# [Task objective]
Return each line of the entries that mentions the word "alike".

[Data section]

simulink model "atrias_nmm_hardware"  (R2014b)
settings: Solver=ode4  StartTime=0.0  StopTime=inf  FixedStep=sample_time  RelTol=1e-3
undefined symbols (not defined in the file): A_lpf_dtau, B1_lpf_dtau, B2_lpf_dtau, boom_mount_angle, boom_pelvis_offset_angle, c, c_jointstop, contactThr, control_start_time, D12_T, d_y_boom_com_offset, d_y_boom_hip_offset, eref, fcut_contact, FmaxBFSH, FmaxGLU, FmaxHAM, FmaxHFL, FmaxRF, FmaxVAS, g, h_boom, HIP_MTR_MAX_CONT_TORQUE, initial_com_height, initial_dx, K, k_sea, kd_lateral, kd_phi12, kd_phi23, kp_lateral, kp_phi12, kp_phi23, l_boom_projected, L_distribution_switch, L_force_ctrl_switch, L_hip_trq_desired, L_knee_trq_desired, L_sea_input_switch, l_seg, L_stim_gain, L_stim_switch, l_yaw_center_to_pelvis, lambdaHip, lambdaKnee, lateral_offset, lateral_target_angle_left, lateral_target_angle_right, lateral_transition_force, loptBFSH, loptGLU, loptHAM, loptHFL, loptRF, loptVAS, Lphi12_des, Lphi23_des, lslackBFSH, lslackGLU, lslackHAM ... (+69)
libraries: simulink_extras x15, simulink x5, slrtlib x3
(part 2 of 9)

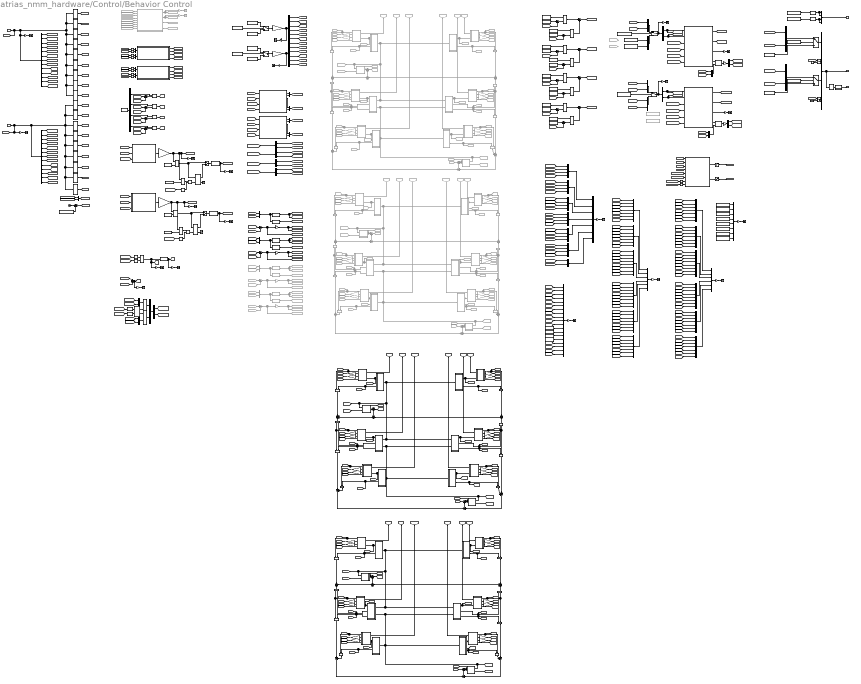
== system atrias_nmm_hardware/Control/Behavior Control ==
  note: Velocity Estimation
  note: Muscle Stimulation Input
  note: Leg/Spring Measurements
  note: Lateral Behavior
  note: Torque Commands
  note: Inputs
  note: q Order:
      |
      | backJointR
      | backGearR
      | frontJointR
      | frontGearR
      |
      | backJointL
      | backGearL
      | frontJointL
      | frontGearL
      |
      | latR
      | latL
      |
      | boomRoll
      | boomYaw
      | boomPitch
  note: Motor Order:
      |
      | backR
      | frontR
      | latR
      | backL
      | frontL
      | latL
  note: Muscle Geometry Input
  note: Atrias Knee/Splay Angles
  note: Estimate SEA Torque
  note: Estimate Leg Load and Contact
  note: Hip/Knee Torque Distribution
  note: Left Leg
  note: Neural Control Layer Interface
  note: Discrete Muscle Actuation Layer
  note: Body Mechanics Layer
      | Interface (Left Hip Joint)
  note: Body Mechanics Layer
      | Interface (Left Knee Joint)
  note: Right Leg
  note: Neural Control Layer Interface
  note: Body Mechanics Layer
      | Interface (Left Hip Joint)
  note: Body Mechanics Layer
      | Interface (Left Knee Joint)
  note: Estimate Flight/Escape
  note: Estimate GRFy
  note: Estimate Primary Leg Length/Angle
  note: Position Control
  note: Export Data
  note: Left Leg
  note: Neural Control Layer Interface
  note: Continuous Muscle Actuation Layer
  note: Body Mechanics Layer
      | Interface (Left Hip Joint)
  note: Body Mechanics Layer
      | Interface (Left Knee Joint)
  note: Right Leg
  note: Neural Control Layer Interface
  note: Body Mechanics Layer
      | Interface (Left Hip Joint)
  note: Body Mechanics Layer
      | Interface (Left Knee Joint)
  dq_cmu : Inport
  q_cmu : Inport  Port=2
  Clock : Clock
  Constant{,1,26,30,34,38} (6 alike) : Constant  Value=0
  Constant10 : Constant  Value=releaseThr
  Constant11 : Constant  Value=contactThr
  Constant12 : Constant  Value=releaseThr
  Constant13 : Constant  Commented=on  Value=L_knee_trq_desired
  Constant14 : Constant  Value=R_knee_trq_desired
  Constant15 : Constant  Value=R_distribution_switch
  Constant16 : Constant  Value=L_distribution_switch
  Constant17 : Constant  Value=R_sea_input_switch
  Constant18 : Constant  Value=L_sea_input_switch
  Constant19 : Constant  Value=[0;0]
  Constant2 : Constant  Value=control_start_time
  Constant20 : Constant  Value=[0;0]
  Constant21 : Constant  Value=R_hip_trq_desired
  Constant22 : Constant  Commented=on  Value=L_hip_trq_desired
  Constant23 : Constant  Value=k_sea
  Constant24 : Constant  Value=Lphi12_des
  Constant25 : Constant  Value=kp_phi12
  Constant27 : Constant  Value=kd_phi12
  Constant28 : Constant  Value=Lphi23_des
  Constant29 : Constant  Value=kp_phi23
  Constant3 : Constant  Value=LStim_Constant
  Constant31 : Constant  Value=kd_phi23
  Constant32 : Constant  Value=Rphi12_des
  Constant33 : Constant  Value=kp_phi12
  Constant35 : Constant  Value=kd_phi12
  Constant36 : Constant  Value=Rphi23_des
  Constant37 : Constant  Value=kp_phi23
  Constant39 : Constant  Value=kd_phi23
  Constant4 : Constant  Value=RStim_Constant
  Constant40 : Constant  Value=Lphi23_des
  Constant41 : Constant  Value=Lphi12_des
  Constant42 : Constant  Value=Rphi23_des
  Constant43 : Constant  Value=Rphi12_des
  Constant44 : Constant  Value=R_force_ctrl_switch
  Constant45 : Constant  Value=L_force_ctrl_switch
  Constant46 : Constant  Value=R_distribution_switch
  Constant47 : Constant  Value=L_distribution_switch
  Constant48 : Constant  Value=R_stim_switch
  Constant49 : Constant  Value=L_stim_switch
  Constant5 : Constant  Value=[0;0;0;0;0;0]
  Constant50 : Constant  Value=R_force_ctrl_switch
  Constant51 : Constant  Value=L_force_ctrl_switch
  Constant52 : Constant  Value=R_sea_input_switch
  Constant53 : Constant  Value=L_sea_input_switch
  Constant6 : Constant  Value=[0;0;0;0;0;0]
  Constant7 : Constant  Value=R_stim_switch
  Constant8 : Constant  Value=L_stim_switch
  Constant9 : Constant  Value=contactThr
  Data Type Conversion : DataTypeConversion  OutDataTypeStr=double
  Data Type Conversion1 : DataTypeConversion  OutDataTypeStr=double
  Data Type Conversion{2..5} (4 alike) : DataTypeConversion  OutDataTypeStr=boolean
  Demux{,1,3,14..19} (9 alike) : Demux  Outputs=2
  Demux11 : Demux  Outputs=6
  Demux12 : Demux  Outputs=13
  Demux13 : Demux  Outputs=13
  Demux2 : Demux  Outputs=6
  Demux4 : Demux
  Detect Increase : simulink/Logic and Bit Operations/Detect Increase  vinit=0.0  InputProcessing=Inherited  OutDataTypeStr=boolean
  From10 : From  Commented=on  GotoTag=Lphi12  TagVisibility=global
      settings: CloseFcn=tagdialog Close
  From116 : From  Commented=on  GotoTag=qBoomYaw
  From12 : From  Commented=on  GotoTag=Ldphi23  TagVisibility=global
      settings: CloseFcn=tagdialog Close
  From13 : From  Commented=on  GotoTag=RStimVAS  TagVisibility=global
      settings: CloseFcn=tagdialog Close
  From16 : From  Commented=on  GotoTag=Rdphi23  TagVisibility=global
      settings: CloseFcn=tagdialog Close
  From17 : From  Commented=on  GotoTag=Lphi23  TagVisibility=global
      settings: CloseFcn=tagdialog Close
  From19 : From  Commented=on  GotoTag=RStimRF  TagVisibility=global
      settings: CloseFcn=tagdialog Close
  From21 : From  Commented=on  GotoTag=LStimRF  TagVisibility=global
      settings: CloseFcn=tagdialog Close
  From22 : From  Commented=on  GotoTag=GRFy
  From23 : From  Commented=on  GotoTag=RStimHAM  TagVisibility=global
      settings: CloseFcn=tagdialog Close
  From24 : From  Commented=on  GotoTag=Ldphi12  TagVisibility=global
      settings: CloseFcn=tagdialog Close
  From25 : From  Commented=on  GotoTag=RStimHFL  TagVisibility=global
      settings: CloseFcn=tagdialog Close
  From26 : From  Commented=on  GotoTag=RStimGLU  TagVisibility=global
      settings: CloseFcn=tagdialog Close
  From260 : From  Commented=on  GotoTag=Lphi_thigh  TagVisibility=global
  From261 : From  Commented=on  GotoTag=Lphi_shin  TagVisibility=global
  From262 : From  Commented=on  GotoTag=Ldphi_thigh  TagVisibility=global
  From263 : From  Commented=on  GotoTag=Rphi_thigh  TagVisibility=global
  From264 : From  Commented=on  GotoTag=Rphi_shin  TagVisibility=global
  From265 : From  Commented=on  GotoTag=Rdphi_thigh  TagVisibility=global
  From266 : From  Commented=on  GotoTag=Rdphi_shin  TagVisibility=global
  From267 : From  Commented=on  GotoTag=Ldphi_shin  TagVisibility=global
  From28 : From  Commented=on  GotoTag=dqBoomYaw
  From29 : From  Commented=on  GotoTag=qBoomRoll
  From33 : From  Commented=on  GotoTag=RStimBFSH  TagVisibility=global
      settings: CloseFcn=tagdialog Close
  From34 : From  Commented=on  GotoTag=Rphi12  TagVisibility=global
      settings: CloseFcn=tagdialog Close
  From35 : From  Commented=on  GotoTag=LStimHAM  TagVisibility=global
      settings: CloseFcn=tagdialog Close
  From36 : From  Commented=on  GotoTag=Rdphi12  TagVisibility=global
      settings: CloseFcn=tagdialog Close
  From37 : From  Commented=on  GotoTag=LStimHFL  TagVisibility=global
      settings: CloseFcn=tagdialog Close
  From38 : From  Commented=on  GotoTag=LStimGLU  TagVisibility=global
      settings: CloseFcn=tagdialog Close
  From39 : From  Commented=on  GotoTag=LStimBFSH  TagVisibility=global
      settings: CloseFcn=tagdialog Close
  From40 : From  Commented=on  GotoTag=Rphi23  TagVisibility=global
      settings: CloseFcn=tagdialog Close
  From45 : From  Commented=on  GotoTag=TorsoPitch
  From50 : From  Commented=on  GotoTag=PrimaryLegAngle
  From51 : From  Commented=on  GotoTag=PrimaryLegLength
  From52 : From  Commented=on  GotoTag=dqBoomRoll
  From69 : From  Commented=on  GotoTag=RM23_pd  TagVisibility=global
  From70 : From  Commented=on  GotoTag=RM12_pd  TagVisibility=global
  From81 : From  Commented=on  GotoTag=escape
  From9 : From  Commented=on  GotoTag=LStimVAS  TagVisibility=global
      settings: CloseFcn=tagdialog Close
  GLU : Subsystem
  GLU Link : Subsystem  Commented=on
  GLU Link1 : Subsystem  Commented=on
  GLU Link2 : Subsystem
  GLU Link3 : Subsystem
  GLU1 : Subsystem
  GRFy : Gain
  Gain{,2,4..5} (4 alike) : Gain  Gain=-1
  Gain1 : Gain  Gain=R_stim_gain
  Gain3 : Gain  Gain=L_stim_gain
  Gain6 : Gain  Commented=on  Gain=-1
  Gain7 : Gain  Commented=on  Gain=-1
  Goto100 : Goto  Commented=on  GotoTag=RHipStop  TagVisibility=global
  Goto101 : Goto  Commented=on  GotoTag=RKneeStop  TagVisibility=global
  Goto102 : Goto  Commented=on  GotoTag=RLceHFL  TagVisibility=global
  Goto103 : Goto  Commented=on  GotoTag=RActRF  TagVisibility=global
  Goto104 : Goto  Commented=on  GotoTag=LFmRF  TagVisibility=global
  Goto105 : Goto  Commented=on  GotoTag=RActBFSH  TagVisibility=global
  Goto106 : Goto  Commented=on  GotoTag=RActVAS  TagVisibility=global
  Goto107 : Goto  Commented=on  GotoTag=RVceHAM  TagVisibility=global
  Goto108 : Goto  Commented=on  GotoTag=RrBFSH  TagVisibility=global
  Goto109 : Goto  Commented=on  GotoTag=RVceGLU  TagVisibility=global
  Goto110 : Goto  Commented=on  GotoTag=RLceGLU  TagVisibility=global
  Goto111 : Goto  Commented=on  GotoTag=RFmHFL  TagVisibility=global
  Goto112 : Goto  Commented=on  GotoTag=RVceVAS  TagVisibility=global
  Goto113 : Goto  Commented=on  GotoTag=LHipStop  TagVisibility=global
  Goto114 : Goto  Commented=on  GotoTag=LKneeStop  TagVisibility=global
  Goto115 : Goto  Commented=on  GotoTag=LLmtuBFSH  TagVisibility=global
  Goto116 : Goto  Commented=on  GotoTag=LActRF  TagVisibility=global
  Goto117 : Goto  Commented=on  GotoTag=LActBFSH  TagVisibility=global
  Goto124 : Goto  Commented=on  GotoTag=LFmBFSH  TagVisibility=global
  Goto126 : Goto  Commented=on  GotoTag=LVceHFL  TagVisibility=global
  Goto133 : Goto  Commented=on  GotoTag=Lphi_lower_splay  TagVisibility=global
  Goto134 : Goto  Commented=on  GotoTag=Ldphi_lower_splay  TagVisibility=global
  Goto135 : Goto  Commented=on  GotoTag=Lphi_back_knee  TagVisibility=global
  Goto136 : Goto  Commented=on  GotoTag=Ldphi_back_knee  TagVisibility=global
  Goto137 : Goto  Commented=on  GotoTag=Lphi_front_knee  TagVisibility=global
  Goto138 : Goto  Commented=on  GotoTag=Ldphi_front_knee  TagVisibility=global
  Goto139 : Goto  Commented=on  GotoTag=Rphi_lower_splay  TagVisibility=global
  Goto140 : Goto  Commented=on  GotoTag=Rdphi_lower_splay  TagVisibility=global
  Goto141 : Goto  Commented=on  GotoTag=Rphi_back_knee  TagVisibility=global
  Goto142 : Goto  Commented=on  GotoTag=Rdphi_back_knee  TagVisibility=global
  Goto143 : Goto  Commented=on  GotoTag=Rphi_front_knee  TagVisibility=global
  Goto144 : Goto  Commented=on  GotoTag=Rdphi_front_knee  TagVisibility=global
  Goto22 : Goto  Commented=on  GotoTag=LM12  TagVisibility=global
  Goto23 : Goto  Commented=on  GotoTag=RM12  TagVisibility=global
  Goto24 : Goto  Commented=on  GotoTag=LM23  TagVisibility=global
  Goto26 : Goto  Commented=on  GotoTag=dx_avg
  Goto27 : Goto  Commented=on  GotoTag=LLmtuVAS  TagVisibility=global
  Goto28 : Goto  Commented=on  GotoTag=RFmRF  TagVisibility=global
  Goto36 : Goto  Commented=on  GotoTag=LrHFL  TagVisibility=global
  Goto37 : Goto  Commented=on  GotoTag=LActHAM  TagVisibility=global
  Goto38 : Goto  Commented=on  GotoTag=LActGLU  TagVisibility=global
  Goto39 : Goto  Commented=on  GotoTag=LActHFL  TagVisibility=global
  Goto40 : Goto  Commented=on  GotoTag=LrHAMh  TagVisibility=global
  Goto41 : Goto  Commented=on  GotoTag=LrHAMk  TagVisibility=global
  Goto42 : Goto  Commented=on  GotoTag=LLceHAM  TagVisibility=global
  Goto43 : Goto  Commented=on  GotoTag=LrRFh  TagVisibility=global
  Goto44 : Goto  Commented=on  GotoTag=LrRFk  TagVisibility=global
  Goto45 : Goto  Commented=on  GotoTag=LLmtuRF  TagVisibility=global
  Goto46 : Goto  Commented=on  GotoTag=LrVAS  TagVisibility=global
  Goto47 : Goto  Commented=on  GotoTag=LLceRF  TagVisibility=global
  Goto48 : Goto  Commented=on  GotoTag=dy_avg
  Goto49 : Goto  Commented=on  GotoTag=tApex
  Goto50 : Goto  Commented=on  GotoTag=systemEnergy
  Goto51 : Goto  Commented=on  GotoTag=LVceBFSH  TagVisibility=global
  Goto52 : Goto  Commented=on  GotoTag=LLceBFSH  TagVisibility=global
  Goto53 : Goto  Commented=on  GotoTag=LLceVAS  TagVisibility=global
  Goto54 : Goto  Commented=on  GotoTag=LLmtuHFL  TagVisibility=global
  Goto56 : Goto  Commented=on  GotoTag=LFmGLU  TagVisibility=global
  Goto57 : Goto  Commented=on  GotoTag=LVceRF  TagVisibility=global
  Goto58 : Goto  Commented=on  GotoTag=LFmHAM  TagVisibility=global
  Goto59 : Goto  Commented=on  GotoTag=LFmVAS  TagVisibility=global
  Goto60 : Goto  Commented=on  GotoTag=RLmtuGLU  TagVisibility=global
  Goto61 : Goto  Commented=on  GotoTag=RLmtuHAM  TagVisibility=global
  Goto62 : Goto  Commented=on  GotoTag=LrGLU  TagVisibility=global
  Goto63 : Goto  Commented=on  GotoTag=RM23  TagVisibility=global
  Goto64 : Goto  Commented=on  GotoTag=RLmtuBFSH  TagVisibility=global
  Goto65 : Goto  Commented=on  GotoTag=RLmtuVAS  TagVisibility=global
  Goto66 : Goto  Commented=on  GotoTag=LLceHFL  TagVisibility=global
  Goto67 : Goto  Commented=on  GotoTag=RLmtuRF  TagVisibility=global
  Goto68 : Goto  Commented=on  GotoTag=LActVAS  TagVisibility=global
  Goto69 : Goto  Commented=on  GotoTag=LVceHAM  TagVisibility=global
  Goto70 : Goto  Commented=on  GotoTag=RFmBFSH  TagVisibility=global
  Goto71 : Goto  Commented=on  GotoTag=RVceHFL  TagVisibility=global
  Goto72 : Goto  Commented=on  GotoTag=RrHFL  TagVisibility=global
  Goto73 : Goto  Commented=on  GotoTag=RActHAM  TagVisibility=global
  Goto74 : Goto  Commented=on  GotoTag=RLmtuHFL  TagVisibility=global
  Goto75 : Goto  Commented=on  GotoTag=RActGLU  TagVisibility=global
  Goto76 : Goto  Commented=on  GotoTag=RActHFL  TagVisibility=global
  Goto77 : Goto  Commented=on  GotoTag=RrHAMh  TagVisibility=global
  Goto79 : Goto  Commented=on  GotoTag=RrHAMk  TagVisibility=global
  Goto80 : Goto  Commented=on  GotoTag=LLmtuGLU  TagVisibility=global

[/Data section]

# [Solution]
  Constant{,1,26,30,34,38} (6 alike) : Constant  Value=0
  Data Type Conversion{2..5} (4 alike) : DataTypeConversion  OutDataTypeStr=boolean
  Demux{,1,3,14..19} (9 alike) : Demux  Outputs=2
  Gain{,2,4..5} (4 alike) : Gain  Gain=-1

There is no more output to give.